_TRY IT:_
Print the data below exactly as it stands, and keep the pictures out.

▼▼▼

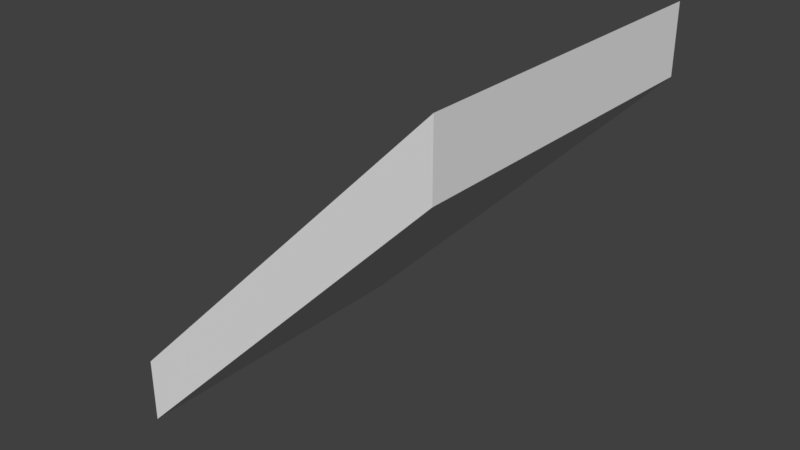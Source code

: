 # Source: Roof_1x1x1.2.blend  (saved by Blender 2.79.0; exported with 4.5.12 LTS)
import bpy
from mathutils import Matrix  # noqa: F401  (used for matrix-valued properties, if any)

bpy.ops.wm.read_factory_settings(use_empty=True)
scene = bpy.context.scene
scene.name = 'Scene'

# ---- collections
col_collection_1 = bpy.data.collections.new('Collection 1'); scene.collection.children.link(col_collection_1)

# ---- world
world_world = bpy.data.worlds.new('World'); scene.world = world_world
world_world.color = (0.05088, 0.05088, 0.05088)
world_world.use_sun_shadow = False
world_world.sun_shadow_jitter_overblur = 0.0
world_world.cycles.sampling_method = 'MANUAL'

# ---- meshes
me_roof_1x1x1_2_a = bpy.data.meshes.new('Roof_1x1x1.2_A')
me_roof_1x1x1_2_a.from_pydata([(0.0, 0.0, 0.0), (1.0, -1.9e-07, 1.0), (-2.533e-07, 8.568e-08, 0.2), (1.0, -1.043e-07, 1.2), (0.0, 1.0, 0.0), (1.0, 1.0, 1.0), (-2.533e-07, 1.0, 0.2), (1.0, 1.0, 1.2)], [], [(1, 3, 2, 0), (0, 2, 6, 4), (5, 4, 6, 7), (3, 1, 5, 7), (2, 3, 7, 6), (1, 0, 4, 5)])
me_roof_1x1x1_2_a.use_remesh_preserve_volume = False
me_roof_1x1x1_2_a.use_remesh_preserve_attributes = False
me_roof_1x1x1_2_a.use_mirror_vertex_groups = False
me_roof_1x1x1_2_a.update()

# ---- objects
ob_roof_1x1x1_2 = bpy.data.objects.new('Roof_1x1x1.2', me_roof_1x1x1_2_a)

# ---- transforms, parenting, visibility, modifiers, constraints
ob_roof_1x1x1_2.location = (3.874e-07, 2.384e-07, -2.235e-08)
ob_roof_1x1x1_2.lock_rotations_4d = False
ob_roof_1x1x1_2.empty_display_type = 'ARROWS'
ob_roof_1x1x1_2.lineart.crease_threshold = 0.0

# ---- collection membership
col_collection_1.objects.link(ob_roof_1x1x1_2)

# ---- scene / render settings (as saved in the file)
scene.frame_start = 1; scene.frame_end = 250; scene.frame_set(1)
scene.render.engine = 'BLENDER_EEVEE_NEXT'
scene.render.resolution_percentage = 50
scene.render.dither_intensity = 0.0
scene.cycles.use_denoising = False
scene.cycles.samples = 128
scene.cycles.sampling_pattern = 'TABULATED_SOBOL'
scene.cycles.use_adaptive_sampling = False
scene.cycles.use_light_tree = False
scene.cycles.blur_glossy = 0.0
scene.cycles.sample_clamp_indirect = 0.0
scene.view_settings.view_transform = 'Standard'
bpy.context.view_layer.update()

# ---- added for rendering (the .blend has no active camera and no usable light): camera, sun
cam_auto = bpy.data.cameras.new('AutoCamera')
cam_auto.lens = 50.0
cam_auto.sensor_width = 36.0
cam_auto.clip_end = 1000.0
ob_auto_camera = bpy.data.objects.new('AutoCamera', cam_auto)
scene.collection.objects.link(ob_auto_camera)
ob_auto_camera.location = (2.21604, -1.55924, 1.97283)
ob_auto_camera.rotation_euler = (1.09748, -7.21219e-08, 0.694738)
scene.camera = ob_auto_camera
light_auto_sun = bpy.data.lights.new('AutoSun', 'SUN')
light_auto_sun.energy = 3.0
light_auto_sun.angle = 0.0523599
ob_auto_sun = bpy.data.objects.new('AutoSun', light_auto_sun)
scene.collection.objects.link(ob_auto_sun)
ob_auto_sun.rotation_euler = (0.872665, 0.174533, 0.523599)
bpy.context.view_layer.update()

▲▲▲

_ANSWER:_
Source code

: # Source: Roof_1x1x1.2.blend  (saved by Blender 2.79.0; exported with 4.5.12 LTS)
import bpy
from mathutils import Matrix  # noqa: F401  (used for matrix-valued properties, if any)

bpy.ops.wm.read_factory_settings(use_empty=True)
scene = bpy.context.scene
scene.name = 'Scene'

# ---- collections
col_collection_1 = bpy.data.collections.new('Collection 1'); scene.collection.children.link(col_collection_1)

# ---- world
world_world = bpy.data.worlds.new('World'); scene.world = world_world
world_world.color = (0.05088, 0.05088, 0.05088)
world_world.use_sun_shadow = False
world_world.sun_shadow_jitter_overblur = 0.0
world_world.cycles.sampling_method = 'MANUAL'

# ---- meshes
me_roof_1x1x1_2_a = bpy.data.meshes.new('Roof_1x1x1.2_A')
me_roof_1x1x1_2_a.from_pydata([(0.0, 0.0, 0.0), (1.0, -1.9e-07, 1.0), (-2.533e-07, 8.568e-08, 0.2), (1.0, -1.043e-07, 1.2), (0.0, 1.0, 0.0), (1.0, 1.0, 1.0), (-2.533e-07, 1.0, 0.2), (1.0, 1.0, 1.2)], [], [(1, 3, 2, 0), (0, 2, 6, 4), (5, 4, 6, 7), (3, 1, 5, 7), (2, 3, 7, 6), (1, 0, 4, 5)])
me_roof_1x1x1_2_a.use_remesh_preserve_volume = False
me_roof_1x1x1_2_a.use_remesh_preserve_attributes = False
me_roof_1x1x1_2_a.use_mirror_vertex_groups = False
me_roof_1x1x1_2_a.update()

# ---- objects
ob_roof_1x1x1_2 = bpy.data.objects.new('Roof_1x1x1.2', me_roof_1x1x1_2_a)

# ---- transforms, parenting, visibility, modifiers, constraints
ob_roof_1x1x1_2.location = (3.874e-07, 2.384e-07, -2.235e-08)
ob_roof_1x1x1_2.lock_rotations_4d = False
ob_roof_1x1x1_2.empty_display_type = 'ARROWS'
ob_roof_1x1x1_2.lineart.crease_threshold = 0.0

# ---- collection membership
col_collection_1.objects.link(ob_roof_1x1x1_2)

# ---- scene / render settings (as saved in the file)
scene.frame_start = 1; scene.frame_end = 250; scene.frame_set(1)
scene.render.engine = 'BLENDER_EEVEE_NEXT'
scene.render.resolution_percentage = 50
scene.render.dither_intensity = 0.0
scene.cycles.use_denoising = False
scene.cycles.samples = 128
scene.cycles.sampling_pattern = 'TABULATED_SOBOL'
scene.cycles.use_adaptive_sampling = False
scene.cycles.use_light_tree = False
scene.cycles.blur_glossy = 0.0
scene.cycles.sample_clamp_indirect = 0.0
scene.view_settings.view_transform = 'Standard'
bpy.context.view_layer.update()

# ---- added for rendering (the .blend has no active camera and no usable light): camera, sun
cam_auto = bpy.data.cameras.new('AutoCamera')
cam_auto.lens = 50.0
cam_auto.sensor_width = 36.0
cam_auto.clip_end = 1000.0
ob_auto_camera = bpy.data.objects.new('AutoCamera', cam_auto)
scene.collection.objects.link(ob_auto_camera)
ob_auto_camera.location = (2.21604, -1.55924, 1.97283)
ob_auto_camera.rotation_euler = (1.09748, -7.21219e-08, 0.694738)
scene.camera = ob_auto_camera
light_auto_sun = bpy.data.lights.new('AutoSun', 'SUN')
light_auto_sun.energy = 3.0
light_auto_sun.angle = 0.0523599
ob_auto_sun = bpy.data.objects.new('AutoSun', light_auto_sun)
scene.collection.objects.link(ob_auto_sun)
ob_auto_sun.rotation_euler = (0.872665, 0.174533, 0.523599)
bpy.context.view_layer.update()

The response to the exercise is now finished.